There is nothing more satisfying than building your own computer from scratch. The whole experience of picking out the parts, to assembly, to the first time it spins to life satisfies my needs quite well. Recently, I decided to try out a more unconventional build by using the Thermaltake Core P90 case and I was not disappointed!
Before I get into this, I want to state that the picture above is the current state of the machine. I am not done with this build just yet. I plan on replacing the NZXT Kraken X62 with a custom loop that will cool the CPU and the GTX 1070 TI you see here. Additionally, I have cable extensions coming that will replace the black cables with white variants which will allow me to further add to the white theme of the build.
The system consists of the following major components:
Thermaltake Core P90 Case
MSI z370 Gaming Pro Carbon Motherboard
Intel i7 8700K CPU Overclocked to 4.9Ghz
32GB G.Skill TridentZ DDR4 3600MHz
500GB M.2 NVMe (OS) & 250GB Crucial SSD (Storage)
EVGA GeForce GTX 1070 ti
So with the details out of the way, onto my thoughts on this case. I found this case to be a breath of fresh air, not only due to its open-air design but also because of how easy it was to work with. The case has PLENTY of room to route cables, water lines, and to mount radiators and the like.
The included manual did a decent job of explaining what went where and how it all came together. It was slightly easier to understand than an IKEA instruction set. The most difficult part was deciphering what part they were referring to as there are plenty of options. All in all, there were near twenty optional accessories to be used depending on your implementation choice.
Currently, the build houses a 240mm radiator, although the custom loop will implement two 240mm radiators in two separate loops, one for the CPU, the other for the GPU. There is plenty of room for this option if you stack the radiators on the right-hand side of the case, although I do wish they would have left room for side by side radiators rather than vertical only.
The tempered glass is slightly tinted which I appreciate, although it does hide some of the RGB brightness. If you plan on having a lot of RGB then take this into account when you design the overall look and feel.
The back side of the case opens up and exposes the inner workings and has a TON of space for cable routing, hard drives, and other accessories. All of which can easily be accessed even with my meaty paws. If you need additional room to move around you can remove the cross frames from the back of the case which does give a lot more room to add larger components, although I do recommend adding it back before you seal the case up as it adds a lot of stability to the case.
The major complaint I have with this case is its overall stability. A good bump can easily cause this case to go toppling. While it does have stands and legs to help with this, they do cause a certain degree of concern if the case is in a place where it can easily be bumped into. You can use the case without the legs though by laying it flat on its back, although I found it to be more appealing while standing. Just be careful.
Another small complaint is that the case when fully built out is incredibly heavy, easily over twenty pounds. This is a minor issue for me though because I prefer the case be well constructed and with that request comes weight. Provided you never break the glass this case should easily last five or more years under normal usage.

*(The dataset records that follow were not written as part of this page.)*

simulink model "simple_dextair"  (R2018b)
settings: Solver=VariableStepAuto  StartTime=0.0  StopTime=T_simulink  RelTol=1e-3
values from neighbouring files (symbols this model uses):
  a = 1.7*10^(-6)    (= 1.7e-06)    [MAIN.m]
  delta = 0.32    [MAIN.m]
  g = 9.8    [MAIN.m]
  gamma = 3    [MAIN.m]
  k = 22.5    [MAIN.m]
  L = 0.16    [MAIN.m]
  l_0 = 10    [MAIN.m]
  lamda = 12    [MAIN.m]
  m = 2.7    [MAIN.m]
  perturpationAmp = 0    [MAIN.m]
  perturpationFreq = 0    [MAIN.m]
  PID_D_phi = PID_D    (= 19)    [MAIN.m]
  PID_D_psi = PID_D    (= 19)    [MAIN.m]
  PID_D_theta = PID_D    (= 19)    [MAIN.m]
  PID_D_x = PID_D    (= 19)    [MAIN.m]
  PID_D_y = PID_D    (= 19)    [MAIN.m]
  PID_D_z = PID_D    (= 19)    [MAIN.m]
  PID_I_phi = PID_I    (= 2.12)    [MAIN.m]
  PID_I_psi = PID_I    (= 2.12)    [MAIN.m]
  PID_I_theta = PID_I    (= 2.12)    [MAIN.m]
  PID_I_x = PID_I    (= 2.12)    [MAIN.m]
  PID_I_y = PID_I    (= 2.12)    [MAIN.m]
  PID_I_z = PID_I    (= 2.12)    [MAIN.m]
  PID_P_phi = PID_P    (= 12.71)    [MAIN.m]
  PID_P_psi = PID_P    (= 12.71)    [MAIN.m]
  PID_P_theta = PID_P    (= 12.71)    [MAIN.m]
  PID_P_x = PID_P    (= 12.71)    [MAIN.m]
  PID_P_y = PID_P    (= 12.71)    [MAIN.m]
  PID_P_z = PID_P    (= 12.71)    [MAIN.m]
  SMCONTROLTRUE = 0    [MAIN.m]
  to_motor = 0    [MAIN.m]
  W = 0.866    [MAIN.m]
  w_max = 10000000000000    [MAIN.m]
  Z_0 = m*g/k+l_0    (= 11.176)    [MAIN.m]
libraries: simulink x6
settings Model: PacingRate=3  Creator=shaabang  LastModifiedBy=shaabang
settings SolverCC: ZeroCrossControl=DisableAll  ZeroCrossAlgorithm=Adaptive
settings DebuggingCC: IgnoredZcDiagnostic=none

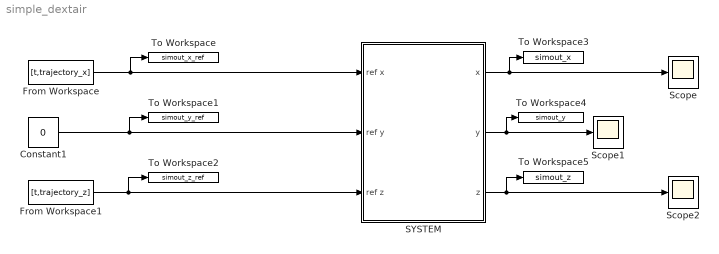
== system simple_dextair ==
  Constant1 : Constant  Value=0
  From Workspace : FromWorkspace  VariableName=[t,trajectory_x]
  From Workspace1 : FromWorkspace  VariableName=[t,trajectory_z]
  SYSTEM : Subsystem
  Scope : Scope
  Scope1 : Scope
  Scope2 : Scope
  To Workspace : ToWorkspace  VariableName=simout_x_ref  SampleTime=-1
  To Workspace1 : ToWorkspace  VariableName=simout_y_ref  SampleTime=-1
  To Workspace2 : ToWorkspace  VariableName=simout_z_ref  SampleTime=-1
  To Workspace3 : ToWorkspace  VariableName=simout_x  SampleTime=-1
  To Workspace4 : ToWorkspace  VariableName=simout_y  SampleTime=-1
  To Workspace5 : ToWorkspace  VariableName=simout_z  SampleTime=-1
  wires:
  SYSTEM/3(z) -> To Workspace5/1, Scope2/1
  SYSTEM/2(y) -> To Workspace4/1, Scope1/1
  SYSTEM/1(x) -> Scope/1, To Workspace3/1
  From Workspace1/1 -> SYSTEM/3(ref z), To Workspace2/1
  From Workspace/1 -> SYSTEM/1(ref x), To Workspace/1
  Constant1/1 -> To Workspace1/1, SYSTEM/2(ref y)

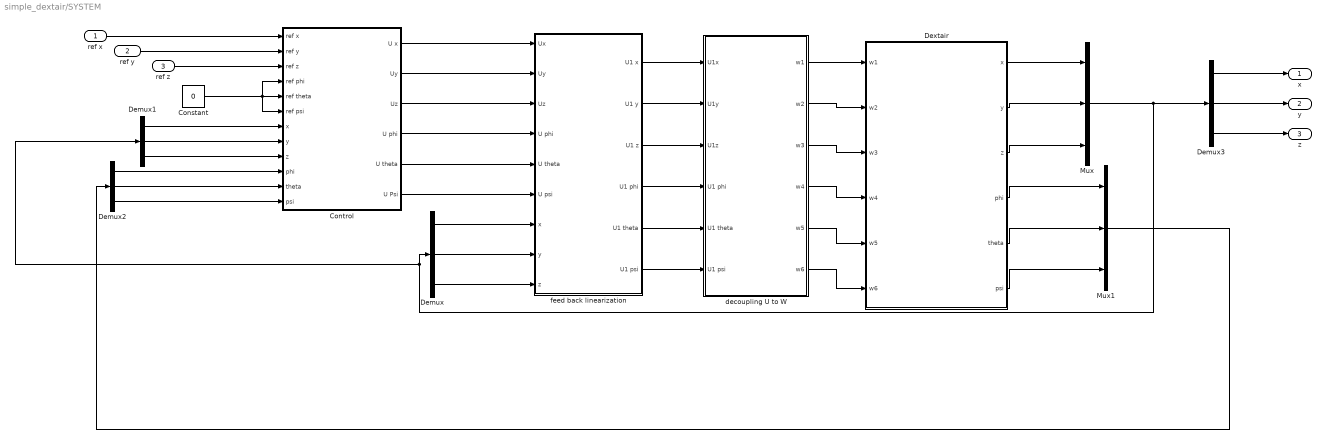
== system simple_dextair/SYSTEM ==
  ref x : Inport
  ref y : Inport  Port=2
  ref z : Inport  Port=3
  Constant : Constant  Value=0
  Control : Subsystem
  Demux{,1..3} (4 alike) : Demux  Outputs=3
  Dextair : Subsystem
  Mux : Mux  Inputs=3
  Mux1 : Mux  Inputs=3
  decoupling U to W : Subsystem
  feed back linearization : Subsystem
  x : Outport
  y : Outport  Port=2
  z : Outport  Port=3
  wires:
  decoupling U to W/5(w5) -> Dextair/5(w5)
  Demux1/2 -> Control/8(y)
  feed back linearization/2(U1 y) -> decoupling U to W/2(U1y)
  ref y/1 -> Control/2(ref y)
  Control/2(Uy) -> feed back linearization/2(Uy)
  feed back linearization/5(U1 theta) -> decoupling U to W/5(U1 theta)
  decoupling U to W/2(w2) -> Dextair/2(w2)
  decoupling U to W/4(w4) -> Dextair/4(w4)
  Dextair/5(theta) -> Mux1/2
  Control/6(U Psi) -> feed back linearization/6(U psi)
  Dextair/1(x) -> Mux/1
  Control/5(U theta) -> feed back linearization/5(U theta)
  Demux2/2 -> Control/11(theta)
  Mux/1 -> Demux3/1, Demux1/1, Demux/1
  decoupling U to W/6(w6) -> Dextair/6(w6)
  feed back linearization/3(U1 z) -> decoupling U to W/3(U1z)
  Demux1/1 -> Control/7(x)
  Demux2/3 -> Control/12(psi)
  decoupling U to W/1(w1) -> Dextair/1(w1)
  Demux/1 -> feed back linearization/7(x)
  Control/4(U phi) -> feed back linearization/4(U phi)
  Control/3(Uz) -> feed back linearization/3(Uz)
  Constant/1 -> Control/6(ref psi), Control/4(ref phi), Control/5(ref theta)
  Demux2/1 -> Control/10(phi)
  Dextair/4(phi) -> Mux1/1
  Demux1/3 -> Control/9(z)
  Dextair/6(psi) -> Mux1/3
  Control/1(U x) -> feed back linearization/1(Ux)
  feed back linearization/6(U1 psi) -> decoupling U to W/6(U1 psi)
  ref x/1 -> Control/1(ref x)
  Dextair/3(z) -> Mux/3
  ref z/1 -> Control/3(ref z)
  Demux3/2 -> y/1
  Demux/2 -> feed back linearization/8(y)
  Demux3/3 -> z/1
  Demux3/1 -> x/1
  Dextair/2(y) -> Mux/2
  feed back linearization/1(U1 x) -> decoupling U to W/1(U1x)
  feed back linearization/4(U1 phi) -> decoupling U to W/4(U1 phi)
  Demux/3 -> feed back linearization/9(z)
  decoupling U to W/3(w3) -> Dextair/3(w3)
  Mux1/1 -> Demux2/1

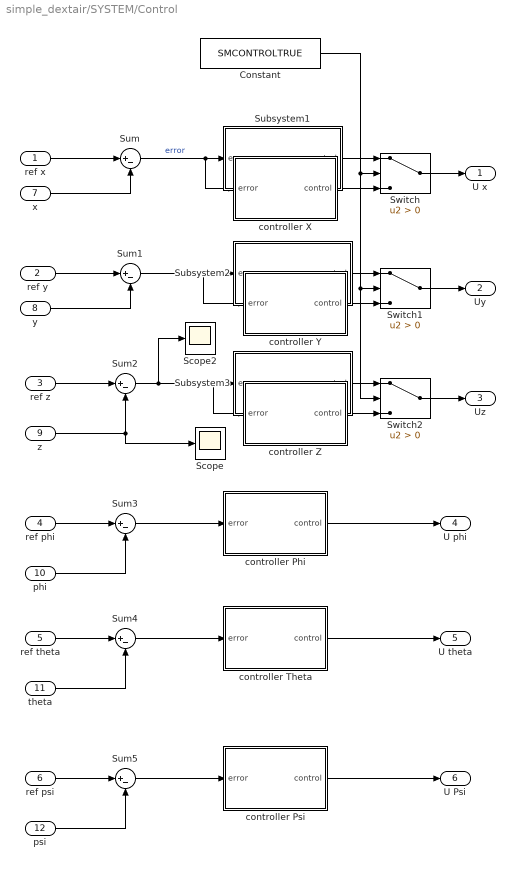
== system simple_dextair/SYSTEM/Control ==
  ref x : Inport
  ref y : Inport  Port=2
  ref z : Inport  Port=3
  ref phi : Inport  Port=4
  ref theta : Inport  Port=5
  ref psi : Inport  Port=6
  x : Inport  Port=7
  y : Inport  Port=8
  z : Inport  Port=9
  phi : Inport  Port=10
  theta : Inport  Port=11
  psi : Inport  Port=12
  Constant : Constant  Value=SMCONTROLTRUE  VectorParams1D=off
  Scope : Scope
  Scope2 : Scope
  Subsystem1 : Subsystem
  Subsystem2 : Subsystem
  Subsystem3 : Subsystem
  Sum{,1..5} (6 alike) : Sum  Inputs=|+-
  Switch : Switch  Criteria=u2 > Threshold
  Switch1 : Switch  Criteria=u2 > Threshold
  Switch2 : Switch  Criteria=u2 > Threshold
  controller Phi : Subsystem
  controller Psi : Subsystem
  controller Theta : Subsystem
  controller X : Subsystem
  controller Y : Subsystem
  controller Z : Subsystem
  U x : Outport
  Uy : Outport  Port=2
  Uz : Outport  Port=3
  U phi : Outport  Port=4
  U theta : Outport  Port=5
  U Psi : Outport  Port=6
  wires:
  controller Psi/1("control ") -> U Psi/1
  controller Theta/1("control ") -> U theta/1
  ref theta/1 -> Sum4/1
  ref y/1 -> Sum1/1
  psi/1 -> Sum5/2
  Sum2/1 -> controller Z/1("error "), Subsystem3/1(error), Scope2/1
  Sum4/1 -> controller Theta/1("error ")
  Sum5/1 -> controller Psi/1("error ")
  Sum1/1 -> controller Y/1("error "), Subsystem2/1(error)
  Sum3/1 -> controller Phi/1("error ")
  x/1 -> Sum/2
  Constant/1 -> Switch2/2, Switch1/2, Switch/2
  Switch2/1 -> Uz/1
  Subsystem1/1(control) -> Switch/1
  theta/1 -> Sum4/2
  Subsystem3/1(control) -> Switch2/1
  ref z/1 -> Sum2/1
  Switch1/1 -> Uy/1
  y/1 -> Sum1/2
  controller Phi/1("control ") -> U phi/1
  ref psi/1 -> Sum5/1
  controller X/1("control ") -> Switch/3
  z/1 -> Scope/1, Sum2/2
  Switch/1 -> U x/1
  phi/1 -> Sum3/2
  Subsystem2/1(control) -> Switch1/1
  ref phi/1 -> Sum3/1
  ref x/1 -> Sum/1
  controller Y/1("control ") -> Switch1/3
  Sum/1 -> controller X/1("error "), Subsystem1/1(error)  "error"
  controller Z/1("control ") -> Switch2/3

The last complaint, and it is not specific to this case, but rather an open-air case is that you cannot, or should not, put this case near liquids. Make sure you have the case off your desk, away from open containers, and preferably in a place with minimal dust unless you want to clean it out monthly, which you should probably do anyways.
To summarize, creating a build, in this case, was by far one of the best build experiences I have ever had. The plethora of options, accessibility, and appearance have made it the centerpiece of my office. I cannot wait to add the custom loop and additional RGB lighting to polish the build off. I wish that we had more cases like this in the world.